WHAT THIS TASK INVOLVES:
An exact copy of all the lines below is required, with every image left out.

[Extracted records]
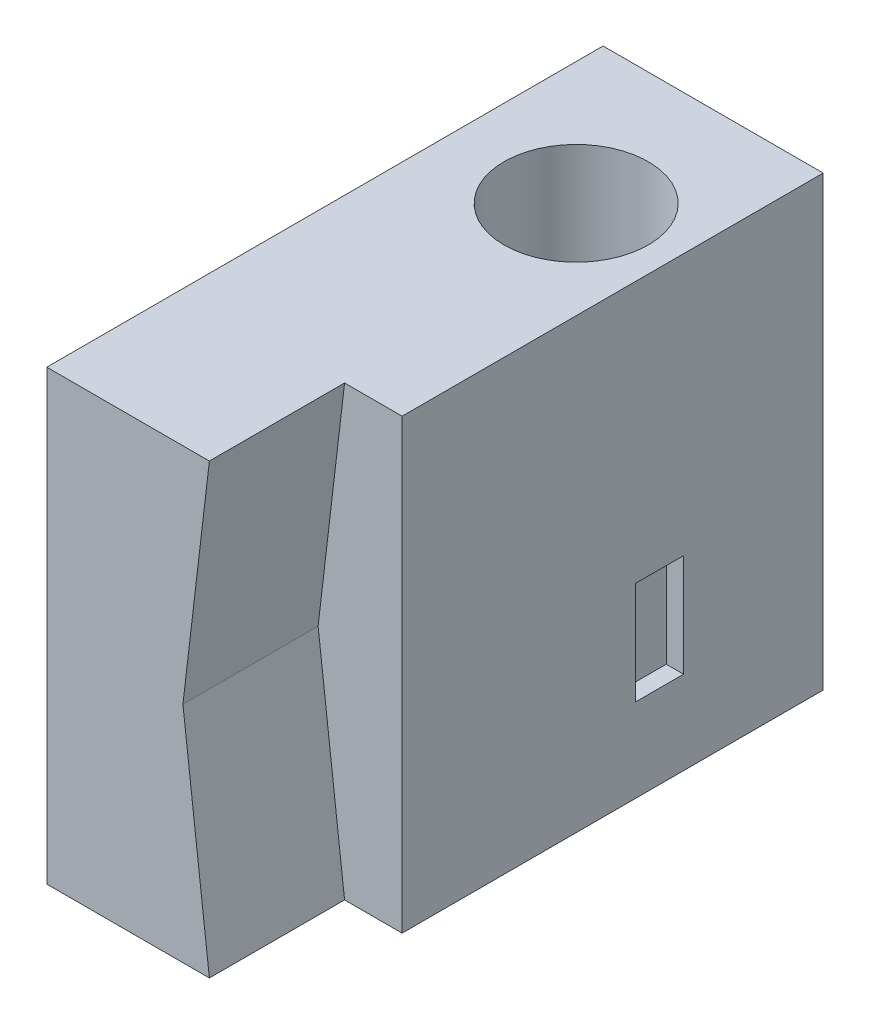
ISO-10303-21;
HEADER;
FILE_DESCRIPTION(('STEP AP214'),'2;1');
FILE_NAME('part.step','',(''),(''),'','','');
FILE_SCHEMA(('AUTOMOTIVE_DESIGN { 1 0 10303 214 1 1 1 1 }'));
ENDSEC;
DATA;
#1=APPLICATION_CONTEXT('core data for automotive mechanical design processes');
#2=APPLICATION_PROTOCOL_DEFINITION('international standard','automotive_design',2000,#1);
#3=PRODUCT_CONTEXT('',#1,'mechanical');
#4=PRODUCT('Part','Part','',(#3));
#5=PRODUCT_RELATED_PRODUCT_CATEGORY('part','',(#4));
#6=PRODUCT_DEFINITION_FORMATION('','',#4);
#7=PRODUCT_DEFINITION_CONTEXT('part definition',#1,'design');
#8=PRODUCT_DEFINITION('design','',#6,#7);
#9=PRODUCT_DEFINITION_SHAPE('','',#8);
#10=(LENGTH_UNIT() NAMED_UNIT(*) SI_UNIT(.MILLI.,.METRE.));
#11=(NAMED_UNIT(*) PLANE_ANGLE_UNIT() SI_UNIT($,.RADIAN.));
#12=(NAMED_UNIT(*) SI_UNIT($,.STERADIAN.) SOLID_ANGLE_UNIT());
#13=UNCERTAINTY_MEASURE_WITH_UNIT(LENGTH_MEASURE(1.E-05),#10,'distance_accuracy_value','');
#14=(GEOMETRIC_REPRESENTATION_CONTEXT(3) GLOBAL_UNCERTAINTY_ASSIGNED_CONTEXT((#13)) GLOBAL_UNIT_ASSIGNED_CONTEXT((#10,
#11,#12)) REPRESENTATION_CONTEXT('',''));
#15=CARTESIAN_POINT('',(0.,0.,0.));
#16=DIRECTION('',(0.,0.,1.));
#17=DIRECTION('',(1.,0.,0.));
#18=AXIS2_PLACEMENT_3D('',#15,#16,#17);
#19=CARTESIAN_POINT('',(0.,0.,0.));
#20=DIRECTION('',(1.,0.,0.));
#21=DIRECTION('',(0.,1.,0.));
#22=AXIS2_PLACEMENT_3D('',#19,#20,#21);
#23=PLANE('',#22);
#24=DIRECTION('',(0.,1.,0.));
#25=VECTOR('',#24,1.);
#26=CARTESIAN_POINT('',(0.,0.,70.272468367725));
#27=LINE('',#26,#25);
#28=CARTESIAN_POINT('',(0.,0.,70.272468367725));
#29=VERTEX_POINT('',#28);
#30=CARTESIAN_POINT('',(0.,56.558074341298,70.272468367725));
#31=VERTEX_POINT('',#30);
#32=EDGE_CURVE('E44',#29,#31,#27,.T.);
#33=ORIENTED_EDGE('',*,*,#32,.T.);
#34=DIRECTION('',(0.,0.,1.));
#35=VECTOR('',#34,1.);
#36=CARTESIAN_POINT('',(0.,56.558074341298,0.));
#37=LINE('',#36,#35);
#38=CARTESIAN_POINT('',(0.,56.558074341298,0.));
#39=VERTEX_POINT('',#38);
#40=EDGE_CURVE('E202',#39,#31,#37,.T.);
#41=ORIENTED_EDGE('',*,*,#40,.F.);
#42=DIRECTION('',(0.,1.,0.));
#43=VECTOR('',#42,1.);
#44=CARTESIAN_POINT('',(0.,0.,0.));
#45=LINE('',#44,#43);
#46=CARTESIAN_POINT('',(0.,0.,0.));
#47=VERTEX_POINT('',#46);
#48=EDGE_CURVE('E207',#47,#39,#45,.T.);
#49=ORIENTED_EDGE('',*,*,#48,.F.);
#50=DIRECTION('',(0.,0.,1.));
#51=VECTOR('',#50,1.);
#52=CARTESIAN_POINT('',(0.,0.,0.));
#53=LINE('',#52,#51);
#54=EDGE_CURVE('E10',#47,#29,#53,.T.);
#55=ORIENTED_EDGE('',*,*,#54,.T.);
#56=EDGE_LOOP('',(#33,#41,#49,#55));
#57=FACE_BOUND('',#56,.T.);
#58=ADVANCED_FACE('F16',(#57),#23,.F.);
#59=CARTESIAN_POINT('',(0.,0.,0.));
#60=DIRECTION('',(0.,1.,0.));
#61=DIRECTION('',(1.,0.,0.));
#62=AXIS2_PLACEMENT_3D('',#59,#60,#61);
#63=PLANE('',#62);
#64=CARTESIAN_POINT('',(15.510128446541,0.,18.912668158997));
#65=DIRECTION('',(0.,1.,0.));
#66=DIRECTION('',(0.,0.,1.));
#67=AXIS2_PLACEMENT_3D('',#64,#65,#66);
#68=CIRCLE('',#67,9.115869252358);
#69=CARTESIAN_POINT('',(15.510128446541,0.,28.028537411355));
#70=VERTEX_POINT('',#69);
#71=EDGE_CURVE('E198',#70,#70,#68,.T.);
#72=ORIENTED_EDGE('',*,*,#71,.T.);
#73=EDGE_LOOP('',(#72));
#74=FACE_BOUND('',#73,.T.);
#75=DIRECTION('',(1.,0.,0.));
#76=VECTOR('',#75,1.);
#77=CARTESIAN_POINT('',(20.536568841032,0.,53.193874005536));
#78=LINE('',#77,#76);
#79=CARTESIAN_POINT('',(20.536568841032,0.,53.193874005536));
#80=VERTEX_POINT('',#79);
#81=CARTESIAN_POINT('',(27.805146498668,0.,53.193874005536));
#82=VERTEX_POINT('',#81);
#83=EDGE_CURVE('E219',#80,#82,#78,.T.);
#84=ORIENTED_EDGE('',*,*,#83,.F.);
#85=DIRECTION('',(0.,0.,-1.));
#86=VECTOR('',#85,1.);
#87=CARTESIAN_POINT('',(20.536568841032,0.,70.272468367725));
#88=LINE('',#87,#86);
#89=CARTESIAN_POINT('',(20.536568841032,0.,70.272468367725));
#90=VERTEX_POINT('',#89);
#91=EDGE_CURVE('E211',#90,#80,#88,.T.);
#92=ORIENTED_EDGE('',*,*,#91,.F.);
#93=DIRECTION('',(1.,0.,0.));
#94=VECTOR('',#93,1.);
#95=CARTESIAN_POINT('',(0.,0.,70.272468367725));
#96=LINE('',#95,#94);
#97=EDGE_CURVE('E25',#29,#90,#96,.T.);
#98=ORIENTED_EDGE('',*,*,#97,.F.);
#99=ORIENTED_EDGE('',*,*,#54,.F.);
#100=DIRECTION('',(1.,0.,0.));
#101=VECTOR('',#100,1.);
#102=CARTESIAN_POINT('',(0.,0.,0.));
#103=LINE('',#102,#101);
#104=CARTESIAN_POINT('',(27.805146498668,0.,0.));
#105=VERTEX_POINT('',#104);
#106=EDGE_CURVE('E243',#47,#105,#103,.T.);
#107=ORIENTED_EDGE('',*,*,#106,.T.);
#108=DIRECTION('',(0.,0.,1.));
#109=VECTOR('',#108,1.);
#110=CARTESIAN_POINT('',(27.805146498668,0.,0.));
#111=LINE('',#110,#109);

SOLUTION TO THE PROBLEM:
ISO-10303-21;
HEADER;
FILE_DESCRIPTION(('STEP AP214'),'2;1');
FILE_NAME('part.step','',(''),(''),'','','');
FILE_SCHEMA(('AUTOMOTIVE_DESIGN { 1 0 10303 214 1 1 1 1 }'));
ENDSEC;
DATA;
#1=APPLICATION_CONTEXT('core data for automotive mechanical design processes');
#2=APPLICATION_PROTOCOL_DEFINITION('international standard','automotive_design',2000,#1);
#3=PRODUCT_CONTEXT('',#1,'mechanical');
#4=PRODUCT('Part','Part','',(#3));
#5=PRODUCT_RELATED_PRODUCT_CATEGORY('part','',(#4));
#6=PRODUCT_DEFINITION_FORMATION('','',#4);
#7=PRODUCT_DEFINITION_CONTEXT('part definition',#1,'design');
#8=PRODUCT_DEFINITION('design','',#6,#7);
#9=PRODUCT_DEFINITION_SHAPE('','',#8);
#10=(LENGTH_UNIT() NAMED_UNIT(*) SI_UNIT(.MILLI.,.METRE.));
#11=(NAMED_UNIT(*) PLANE_ANGLE_UNIT() SI_UNIT($,.RADIAN.));
#12=(NAMED_UNIT(*) SI_UNIT($,.STERADIAN.) SOLID_ANGLE_UNIT());
#13=UNCERTAINTY_MEASURE_WITH_UNIT(LENGTH_MEASURE(1.E-05),#10,'distance_accuracy_value','');
#14=(GEOMETRIC_REPRESENTATION_CONTEXT(3) GLOBAL_UNCERTAINTY_ASSIGNED_CONTEXT((#13)) GLOBAL_UNIT_ASSIGNED_CONTEXT((#10,
#11,#12)) REPRESENTATION_CONTEXT('',''));
#15=CARTESIAN_POINT('',(0.,0.,0.));
#16=DIRECTION('',(0.,0.,1.));
#17=DIRECTION('',(1.,0.,0.));
#18=AXIS2_PLACEMENT_3D('',#15,#16,#17);
#19=CARTESIAN_POINT('',(0.,0.,0.));
#20=DIRECTION('',(1.,0.,0.));
#21=DIRECTION('',(0.,1.,0.));
#22=AXIS2_PLACEMENT_3D('',#19,#20,#21);
#23=PLANE('',#22);
#24=DIRECTION('',(0.,1.,0.));
#25=VECTOR('',#24,1.);
#26=CARTESIAN_POINT('',(0.,0.,70.272468367725));
#27=LINE('',#26,#25);
#28=CARTESIAN_POINT('',(0.,0.,70.272468367725));
#29=VERTEX_POINT('',#28);
#30=CARTESIAN_POINT('',(0.,56.558074341298,70.272468367725));
#31=VERTEX_POINT('',#30);
#32=EDGE_CURVE('E44',#29,#31,#27,.T.);
#33=ORIENTED_EDGE('',*,*,#32,.T.);
#34=DIRECTION('',(0.,0.,1.));
#35=VECTOR('',#34,1.);
#36=CARTESIAN_POINT('',(0.,56.558074341298,0.));
#37=LINE('',#36,#35);
#38=CARTESIAN_POINT('',(0.,56.558074341298,0.));
#39=VERTEX_POINT('',#38);
#40=EDGE_CURVE('E202',#39,#31,#37,.T.);
#41=ORIENTED_EDGE('',*,*,#40,.F.);
#42=DIRECTION('',(0.,1.,0.));
#43=VECTOR('',#42,1.);
#44=CARTESIAN_POINT('',(0.,0.,0.));
#45=LINE('',#44,#43);
#46=CARTESIAN_POINT('',(0.,0.,0.));
#47=VERTEX_POINT('',#46);
#48=EDGE_CURVE('E207',#47,#39,#45,.T.);
#49=ORIENTED_EDGE('',*,*,#48,.F.);
#50=DIRECTION('',(0.,0.,1.));
#51=VECTOR('',#50,1.);
#52=CARTESIAN_POINT('',(0.,0.,0.));
#53=LINE('',#52,#51);
#54=EDGE_CURVE('E10',#47,#29,#53,.T.);
#55=ORIENTED_EDGE('',*,*,#54,.T.);
#56=EDGE_LOOP('',(#33,#41,#49,#55));
#57=FACE_BOUND('',#56,.T.);
#58=ADVANCED_FACE('F16',(#57),#23,.F.);
#59=CARTESIAN_POINT('',(0.,0.,0.));
#60=DIRECTION('',(0.,1.,0.));
#61=DIRECTION('',(1.,0.,0.));
#62=AXIS2_PLACEMENT_3D('',#59,#60,#61);
#63=PLANE('',#62);
#64=CARTESIAN_POINT('',(15.510128446541,0.,18.912668158997));
#65=DIRECTION('',(0.,1.,0.));
#66=DIRECTION('',(0.,0.,1.));
#67=AXIS2_PLACEMENT_3D('',#64,#65,#66);
#68=CIRCLE('',#67,9.115869252358);
#69=CARTESIAN_POINT('',(15.510128446541,0.,28.028537411355));
#70=VERTEX_POINT('',#69);
#71=EDGE_CURVE('E198',#70,#70,#68,.T.);
#72=ORIENTED_EDGE('',*,*,#71,.T.);
#73=EDGE_LOOP('',(#72));
#74=FACE_BOUND('',#73,.T.);
#75=DIRECTION('',(1.,0.,0.));
#76=VECTOR('',#75,1.);
#77=CARTESIAN_POINT('',(20.536568841032,0.,53.193874005536));
#78=LINE('',#77,#76);
#79=CARTESIAN_POINT('',(20.536568841032,0.,53.193874005536));
#80=VERTEX_POINT('',#79);
#81=CARTESIAN_POINT('',(27.805146498668,0.,53.193874005536));
#82=VERTEX_POINT('',#81);
#83=EDGE_CURVE('E219',#80,#82,#78,.T.);
#84=ORIENTED_EDGE('',*,*,#83,.F.);
#85=DIRECTION('',(0.,0.,-1.));
#86=VECTOR('',#85,1.);
#87=CARTESIAN_POINT('',(20.536568841032,0.,70.272468367725));
#88=LINE('',#87,#86);
#89=CARTESIAN_POINT('',(20.536568841032,0.,70.272468367725));
#90=VERTEX_POINT('',#89);
#91=EDGE_CURVE('E211',#90,#80,#88,.T.);
#92=ORIENTED_EDGE('',*,*,#91,.F.);
#93=DIRECTION('',(1.,0.,0.));
#94=VECTOR('',#93,1.);
#95=CARTESIAN_POINT('',(0.,0.,70.272468367725));
#96=LINE('',#95,#94);
#97=EDGE_CURVE('E25',#29,#90,#96,.T.);
#98=ORIENTED_EDGE('',*,*,#97,.F.);
#99=ORIENTED_EDGE('',*,*,#54,.F.);
#100=DIRECTION('',(1.,0.,0.));
#101=VECTOR('',#100,1.);
#102=CARTESIAN_POINT('',(0.,0.,0.));
#103=LINE('',#102,#101);
#104=CARTESIAN_POINT('',(27.805146498668,0.,0.));
#105=VERTEX_POINT('',#104);
#106=EDGE_CURVE('E243',#47,#105,#103,.T.);
#107=ORIENTED_EDGE('',*,*,#106,.T.);
#108=DIRECTION('',(0.,0.,1.));
#109=VECTOR('',#108,1.);
#110=CARTESIAN_POINT('',(27.805146498668,0.,0.));
#111=LINE('',#110,#109);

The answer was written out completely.